The counselors and therapists exactingly meet his expectations, low as they are. They speak to Barton like they know him, when they haven’t even been given a glimpse of who they actually are. Ronin plays along, simpering at them about his guilt, walking the razor’s edge of overwhelmed by grief and determined for change. Barton helps begrudgingly, or at least thinks he does – Ronin hardly needs his help to clear their name. He passes his evaluations with flying colors and grins darkly into his palms when they declare him No Longer Possessed.

Barton chokes a miserable, tearful laugh – he’s always hated Ronin, hated the Other that lives inside his head, inside his heart.

Ronin does not care.

Barton has always been foolish, this is no revelation. If he weren’t, Ronin himself would not be needed. If the archer were enough - competent enough, hardened enough - to not need Ronin to protect him, he would not exist, but he does, and that is all the validation he requires.

Barton argues, or tries to, and it’s an old argument they’ve had many times, late in the night in the dark and the quiet.

No amount of convincing has ever gotten through to him.

Barton cannot be trusted with himself, that is the very crux of the whole thing, and so neither his advice nor his criticism can be trusted either.

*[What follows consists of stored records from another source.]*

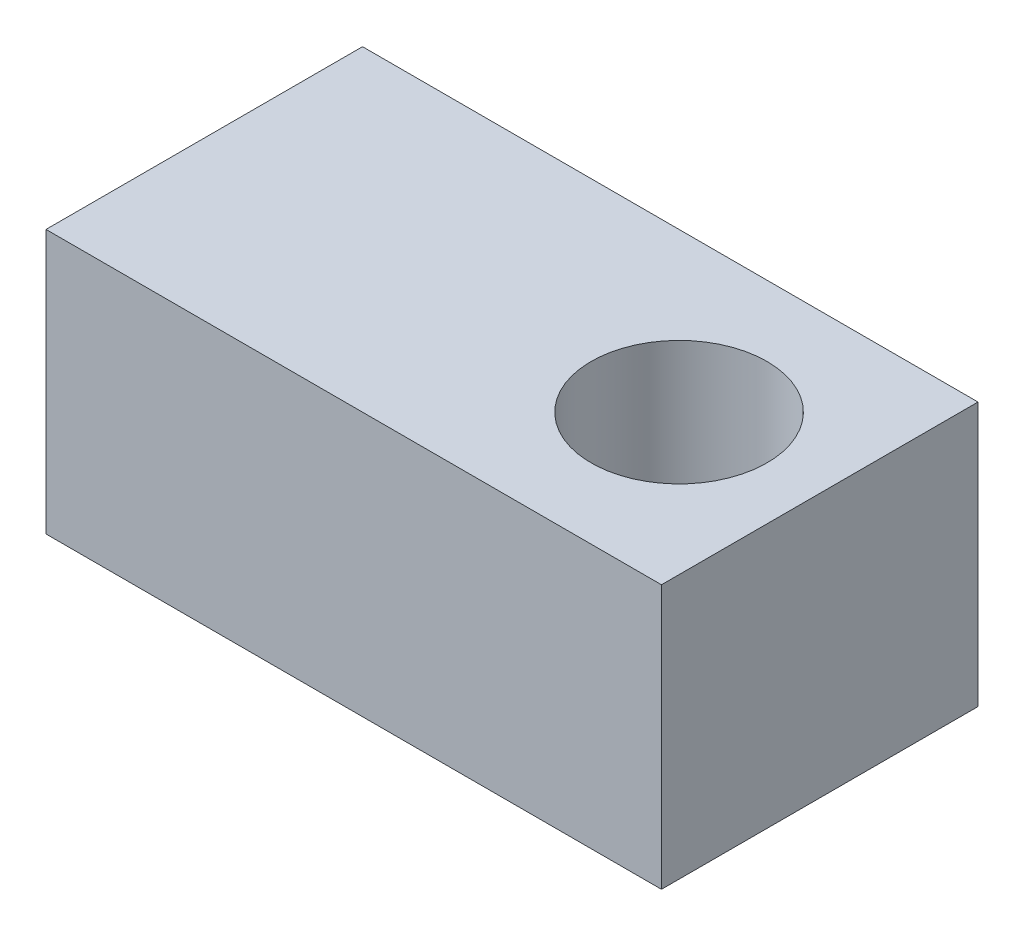
ISO-10303-21;
HEADER;
FILE_DESCRIPTION(('STEP AP214'),'2;1');
FILE_NAME('part.step','',(''),(''),'','','');
FILE_SCHEMA(('AUTOMOTIVE_DESIGN { 1 0 10303 214 1 1 1 1 }'));
ENDSEC;
DATA;
#1=APPLICATION_CONTEXT('core data for automotive mechanical design processes');
#2=APPLICATION_PROTOCOL_DEFINITION('international standard','automotive_design',2000,#1);
#3=PRODUCT_CONTEXT('',#1,'mechanical');
#4=PRODUCT('Part','Part','',(#3));
#5=PRODUCT_RELATED_PRODUCT_CATEGORY('part','',(#4));
#6=PRODUCT_DEFINITION_FORMATION('','',#4);
#7=PRODUCT_DEFINITION_CONTEXT('part definition',#1,'design');
#8=PRODUCT_DEFINITION('design','',#6,#7);
#9=PRODUCT_DEFINITION_SHAPE('','',#8);
#10=(LENGTH_UNIT() NAMED_UNIT(*) SI_UNIT(.MILLI.,.METRE.));
#11=(NAMED_UNIT(*) PLANE_ANGLE_UNIT() SI_UNIT($,.RADIAN.));
#12=(NAMED_UNIT(*) SI_UNIT($,.STERADIAN.) SOLID_ANGLE_UNIT());
#13=UNCERTAINTY_MEASURE_WITH_UNIT(LENGTH_MEASURE(1.E-05),#10,'distance_accuracy_value','');
#14=(GEOMETRIC_REPRESENTATION_CONTEXT(3) GLOBAL_UNCERTAINTY_ASSIGNED_CONTEXT((#13)) GLOBAL_UNIT_ASSIGNED_CONTEXT((#10,
#11,#12)) REPRESENTATION_CONTEXT('',''));
#15=CARTESIAN_POINT('',(0.,0.,0.));
#16=DIRECTION('',(0.,0.,1.));
#17=DIRECTION('',(1.,0.,0.));
#18=AXIS2_PLACEMENT_3D('',#15,#16,#17);
#19=CARTESIAN_POINT('',(35.,12.9130434782609,27.7826086956522));
#20=DIRECTION('',(0.,0.,-1.));
#21=DIRECTION('',(0.,1.,0.));
#22=AXIS2_PLACEMENT_3D('',#19,#20,#21);
#23=PLANE('',#22);
#24=DIRECTION('',(0.,-1.,0.));
#25=VECTOR('',#24,1.);
#26=CARTESIAN_POINT('',(0.,12.9130434782609,27.7826086956522));
#27=LINE('',#26,#25);
#28=CARTESIAN_POINT('',(0.,12.9130434782609,27.7826086956522));
#29=VERTEX_POINT('',#28);
#30=CARTESIAN_POINT('',(0.,-2.0869565217391,27.7826086956522));
#31=VERTEX_POINT('',#30);
#32=EDGE_CURVE('E103',#29,#31,#27,.T.);
#33=ORIENTED_EDGE('',*,*,#32,.T.);
#34=DIRECTION('',(-1.,0.,0.));
#35=VECTOR('',#34,1.);
#36=CARTESIAN_POINT('',(35.,-2.0869565217391,27.7826086956522));
#37=LINE('',#36,#35);
#38=CARTESIAN_POINT('',(35.,-2.0869565217391,27.7826086956522));
#39=VERTEX_POINT('',#38);
#40=EDGE_CURVE('E11',#39,#31,#37,.T.);
#41=ORIENTED_EDGE('',*,*,#40,.F.);
#42=DIRECTION('',(0.,-1.,0.));
#43=VECTOR('',#42,1.);
#44=CARTESIAN_POINT('',(35.,12.9130434782609,27.7826086956522));
#45=LINE('',#44,#43);
#46=CARTESIAN_POINT('',(35.,12.9130434782609,27.7826086956522));
#47=VERTEX_POINT('',#46);
#48=EDGE_CURVE('E91',#47,#39,#45,.T.);
#49=ORIENTED_EDGE('',*,*,#48,.F.);
#50=DIRECTION('',(-1.,0.,0.));
#51=VECTOR('',#50,1.);
#52=CARTESIAN_POINT('',(35.,12.9130434782609,27.7826086956522));
#53=LINE('',#52,#51);
#54=EDGE_CURVE('E99',#47,#29,#53,.T.);
#55=ORIENTED_EDGE('',*,*,#54,.T.);
#56=EDGE_LOOP('',(#33,#41,#49,#55));
#57=FACE_BOUND('',#56,.T.);
#58=ADVANCED_FACE('F40',(#57),#23,.F.);
#59=CARTESIAN_POINT('',(35.,-2.0869565217391,27.7826086956522));
#60=DIRECTION('',(0.,1.,0.));
#61=DIRECTION('',(0.,0.,1.));
#62=AXIS2_PLACEMENT_3D('',#59,#60,#61);
#63=PLANE('',#62);
#64=CARTESIAN_POINT('',(27.,-2.0869565217391,18.7826086956522));
#65=DIRECTION('',(0.,-1.,0.));
#66=DIRECTION('',(0.,0.,-1.));
#67=AXIS2_PLACEMENT_3D('',#64,#65,#66);
#68=CIRCLE('',#67,5.);
#69=CARTESIAN_POINT('',(27.,-2.0869565217391,13.7826086956522));
#70=VERTEX_POINT('',#69);
#71=EDGE_CURVE('E117',#70,#70,#68,.T.);
#72=ORIENTED_EDGE('',*,*,#71,.F.);
#73=EDGE_LOOP('',(#72));
#74=FACE_BOUND('',#73,.T.);
#75=DIRECTION('',(0.,0.,-1.));
#76=VECTOR('',#75,1.);
#77=CARTESIAN_POINT('',(0.,-2.0869565217391,27.7826086956522));
#78=LINE('',#77,#76);
#79=CARTESIAN_POINT('',(0.,-2.0869565217391,9.78260869565219));
#80=VERTEX_POINT('',#79);
#81=EDGE_CURVE('E95',#31,#80,#78,.T.);
#82=ORIENTED_EDGE('',*,*,#81,.T.);
#83=DIRECTION('',(-1.,0.,0.));
#84=VECTOR('',#83,1.);
#85=CARTESIAN_POINT('',(35.,-2.0869565217391,9.78260869565219));
#86=LINE('',#85,#84);
#87=CARTESIAN_POINT('',(35.,-2.0869565217391,9.78260869565219));
#88=VERTEX_POINT('',#87);
#89=EDGE_CURVE('E48',#88,#80,#86,.T.);
#90=ORIENTED_EDGE('',*,*,#89,.F.);
#91=DIRECTION('',(0.,0.,-1.));
#92=VECTOR('',#91,1.);
#93=CARTESIAN_POINT('',(35.,-2.0869565217391,27.7826086956522));
#94=LINE('',#93,#92);
#95=EDGE_CURVE('E86',#39,#88,#94,.T.);
#96=ORIENTED_EDGE('',*,*,#95,.F.);
#97=ORIENTED_EDGE('',*,*,#40,.T.);
#98=EDGE_LOOP('',(#82,#90,#96,#97));
#99=FACE_BOUND('',#98,.T.);
#100=ADVANCED_FACE('F94',(#74,#99),#63,.F.);
#101=CARTESIAN_POINT('',(35.,12.9130434782609,9.7826086956522));
#102=DIRECTION('',(0.,0.,1.));
#103=DIRECTION('',(0.,-1.,0.));
#104=AXIS2_PLACEMENT_3D('',#101,#102,#103);
#105=PLANE('',#104);
#106=DIRECTION('',(0.,1.,0.));
#107=VECTOR('',#106,1.);
#108=CARTESIAN_POINT('',(0.,12.9130434782609,9.7826086956522));
#109=LINE('',#108,#107);
#110=CARTESIAN_POINT('',(0.,12.9130434782609,9.7826086956522));
#111=VERTEX_POINT('',#110);
#112=EDGE_CURVE('E73',#80,#111,#109,.T.);
#113=ORIENTED_EDGE('',*,*,#112,.T.);
#114=DIRECTION('',(-1.,0.,0.));
#115=VECTOR('',#114,1.);
#116=CARTESIAN_POINT('',(35.,12.9130434782609,9.7826086956522));
#117=LINE('',#116,#115);
#118=CARTESIAN_POINT('',(35.,12.9130434782609,9.7826086956522));
#119=VERTEX_POINT('',#118);
#120=EDGE_CURVE('E96',#119,#111,#117,.T.);
#121=ORIENTED_EDGE('',*,*,#120,.F.);
#122=DIRECTION('',(0.,1.,0.));
#123=VECTOR('',#122,1.);
#124=CARTESIAN_POINT('',(35.,12.9130434782609,9.7826086956522));
#125=LINE('',#124,#123);
#126=EDGE_CURVE('E89',#88,#119,#125,.T.);
#127=ORIENTED_EDGE('',*,*,#126,.F.);
#128=ORIENTED_EDGE('',*,*,#89,.T.);
#129=EDGE_LOOP('',(#113,#121,#127,#128));
#130=FACE_BOUND('',#129,.T.);
#131=ADVANCED_FACE('F97',(#130),#105,.F.);
#132=CARTESIAN_POINT('',(35.,12.9130434782609,27.7826086956522));
#133=DIRECTION('',(0.,-1.,0.));
#134=DIRECTION('',(0.,0.,-1.));
#135=AXIS2_PLACEMENT_3D('',#132,#133,#134);
#136=PLANE('',#135);
#137=CARTESIAN_POINT('',(27.,12.9130434782609,18.7826086956522));
#138=DIRECTION('',(0.,-1.,0.));
#139=DIRECTION('',(0.,0.,-1.));
#140=AXIS2_PLACEMENT_3D('',#137,#138,#139);
#141=CIRCLE('',#140,5.);
#142=CARTESIAN_POINT('',(27.,12.9130434782609,13.7826086956522));
#143=VERTEX_POINT('',#142);
#144=EDGE_CURVE('E106',#143,#143,#141,.T.);
#145=ORIENTED_EDGE('',*,*,#144,.T.);
#146=EDGE_LOOP('',(#145));
#147=FACE_BOUND('',#146,.T.);
#148=DIRECTION('',(0.,0.,1.));
#149=VECTOR('',#148,1.);
#150=CARTESIAN_POINT('',(0.,12.9130434782609,27.7826086956522));
#151=LINE('',#150,#149);
#152=EDGE_CURVE('E79',#111,#29,#151,.T.);
#153=ORIENTED_EDGE('',*,*,#152,.T.);
#154=ORIENTED_EDGE('',*,*,#54,.F.);
#155=DIRECTION('',(0.,0.,1.));
#156=VECTOR('',#155,1.);
#157=CARTESIAN_POINT('',(35.,12.9130434782609,27.7826086956522));
#158=LINE('',#157,#156);
#159=EDGE_CURVE('E56',#119,#47,#158,.T.);
#160=ORIENTED_EDGE('',*,*,#159,.F.);
#161=ORIENTED_EDGE('',*,*,#120,.T.);
#162=EDGE_LOOP('',(#153,#154,#160,#161));
#163=FACE_BOUND('',#162,.T.);
#164=ADVANCED_FACE('F111',(#147,#163),#136,.F.);
#165=CARTESIAN_POINT('',(35.,0.,0.));
#166=DIRECTION('',(1.,0.,0.));
#167=DIRECTION('',(0.,0.,-1.));
#168=AXIS2_PLACEMENT_3D('',#165,#166,#167);
#169=PLANE('',#168);
#170=ORIENTED_EDGE('',*,*,#48,.T.);
#171=ORIENTED_EDGE('',*,*,#95,.T.);
#172=ORIENTED_EDGE('',*,*,#126,.T.);
#173=ORIENTED_EDGE('',*,*,#159,.T.);
#174=EDGE_LOOP('',(#170,#171,#172,#173));
#175=FACE_BOUND('',#174,.T.);
#176=ADVANCED_FACE('F87',(#175),#169,.T.);
#177=CARTESIAN_POINT('',(0.,0.,0.));
#178=DIRECTION('',(1.,0.,0.));
#179=DIRECTION('',(0.,0.,-1.));
#180=AXIS2_PLACEMENT_3D('',#177,#178,#179);
#181=PLANE('',#180);
#182=CARTESIAN_POINT('',(0.,5.4130434782609,18.7826086956522));
#183=DIRECTION('',(-1.,0.,0.));
#184=DIRECTION('',(0.,0.,1.));
#185=AXIS2_PLACEMENT_3D('',#182,#183,#184);
#186=CIRCLE('',#185,3.);
#187=CARTESIAN_POINT('',(0.,5.4130434782609,21.7826086956522));
#188=VERTEX_POINT('',#187);
#189=EDGE_CURVE('E123',#188,#188,#186,.T.);
#190=ORIENTED_EDGE('',*,*,#189,.F.);
#191=EDGE_LOOP('',(#190));
#192=FACE_BOUND('',#191,.T.);
#193=ORIENTED_EDGE('',*,*,#32,.F.);
#194=ORIENTED_EDGE('',*,*,#152,.F.);
#195=ORIENTED_EDGE('',*,*,#112,.F.);
#196=ORIENTED_EDGE('',*,*,#81,.F.);
#197=EDGE_LOOP('',(#193,#194,#195,#196));
#198=FACE_BOUND('',#197,.T.);
#199=ADVANCED_FACE('F114',(#192,#198),#181,.F.);
#200=CARTESIAN_POINT('',(27.,12.9130434782609,18.7826086956522));
#201=DIRECTION('',(0.,-1.,0.));
#202=DIRECTION('',(0.,0.,-1.));
#203=AXIS2_PLACEMENT_3D('',#200,#201,#202);
#204=CYLINDRICAL_SURFACE('',#203,5.);
#205=ORIENTED_EDGE('',*,*,#144,.F.);
#206=EDGE_LOOP('',(#205));
#207=FACE_BOUND('',#206,.T.);
#208=ORIENTED_EDGE('',*,*,#71,.T.);
#209=EDGE_LOOP('',(#208));
#210=FACE_BOUND('',#209,.T.);
#211=ADVANCED_FACE('F134',(#207,#210),#204,.F.);
#212=CARTESIAN_POINT('',(8.,5.4130434782609,18.7826086956522));
#213=DIRECTION('',(-1.,0.,0.));
#214=DIRECTION('',(0.,0.,1.));
#215=AXIS2_PLACEMENT_3D('',#212,#213,#214);
#216=CYLINDRICAL_SURFACE('',#215,3.);
#217=CARTESIAN_POINT('',(8.,5.4130434782609,18.7826086956522));
#218=DIRECTION('',(-1.,0.,0.));
#219=DIRECTION('',(0.,0.,1.));
#220=AXIS2_PLACEMENT_3D('',#217,#218,#219);
#221=CIRCLE('',#220,3.);
#222=CARTESIAN_POINT('',(8.,5.4130434782609,21.7826086956522));
#223=VERTEX_POINT('',#222);
#224=EDGE_CURVE('E120',#223,#223,#221,.T.);
#225=ORIENTED_EDGE('',*,*,#224,.F.);
#226=EDGE_LOOP('',(#225));
#227=FACE_BOUND('',#226,.T.);
#228=ORIENTED_EDGE('',*,*,#189,.T.);
#229=EDGE_LOOP('',(#228));
#230=FACE_BOUND('',#229,.T.);
#231=ADVANCED_FACE('F131',(#227,#230),#216,.F.);
#232=CARTESIAN_POINT('',(8.,5.4130434782609,18.7826086956522));
#233=DIRECTION('',(-1.,0.,0.));
#234=DIRECTION('',(0.,0.,1.));
#235=AXIS2_PLACEMENT_3D('',#232,#233,#234);
#236=PLANE('',#235);
#237=ORIENTED_EDGE('',*,*,#224,.T.);
#238=EDGE_LOOP('',(#237));
#239=FACE_BOUND('',#238,.T.);
#240=ADVANCED_FACE('F129',(#239),#236,.T.);
#241=CLOSED_SHELL('',(#58,#100,#131,#164,#176,#199,#211,#231,#240));
#242=MANIFOLD_SOLID_BREP('B2',#241);
#243=ADVANCED_BREP_SHAPE_REPRESENTATION('',(#18,#242),#14);
#244=SHAPE_DEFINITION_REPRESENTATION(#9,#243);
ENDSEC;
END-ISO-10303-21;

Ronin must admit it amuses him though. When Barton is in charge, when Ronin allows him to be in charge, he still listens, still takes his advice. Ronin is the shiver down his spine, the hair on his arms lifting into gooseflesh, the pit in the bottom of his stomach, and Barton has always been good at taking hints. He trusts Ronin, whether he will admit it or not, yet take away the reins and step into the driver’s seat and suddenly Barton is cursing him breathless, wishing he were gone and never existed.

Ronin does not care.

A full week gone and the She Wolf comes to collect him – Romanov. Ronin sneers but hides his disgust, while Barton tries to sag into her presence, desperate for comfort.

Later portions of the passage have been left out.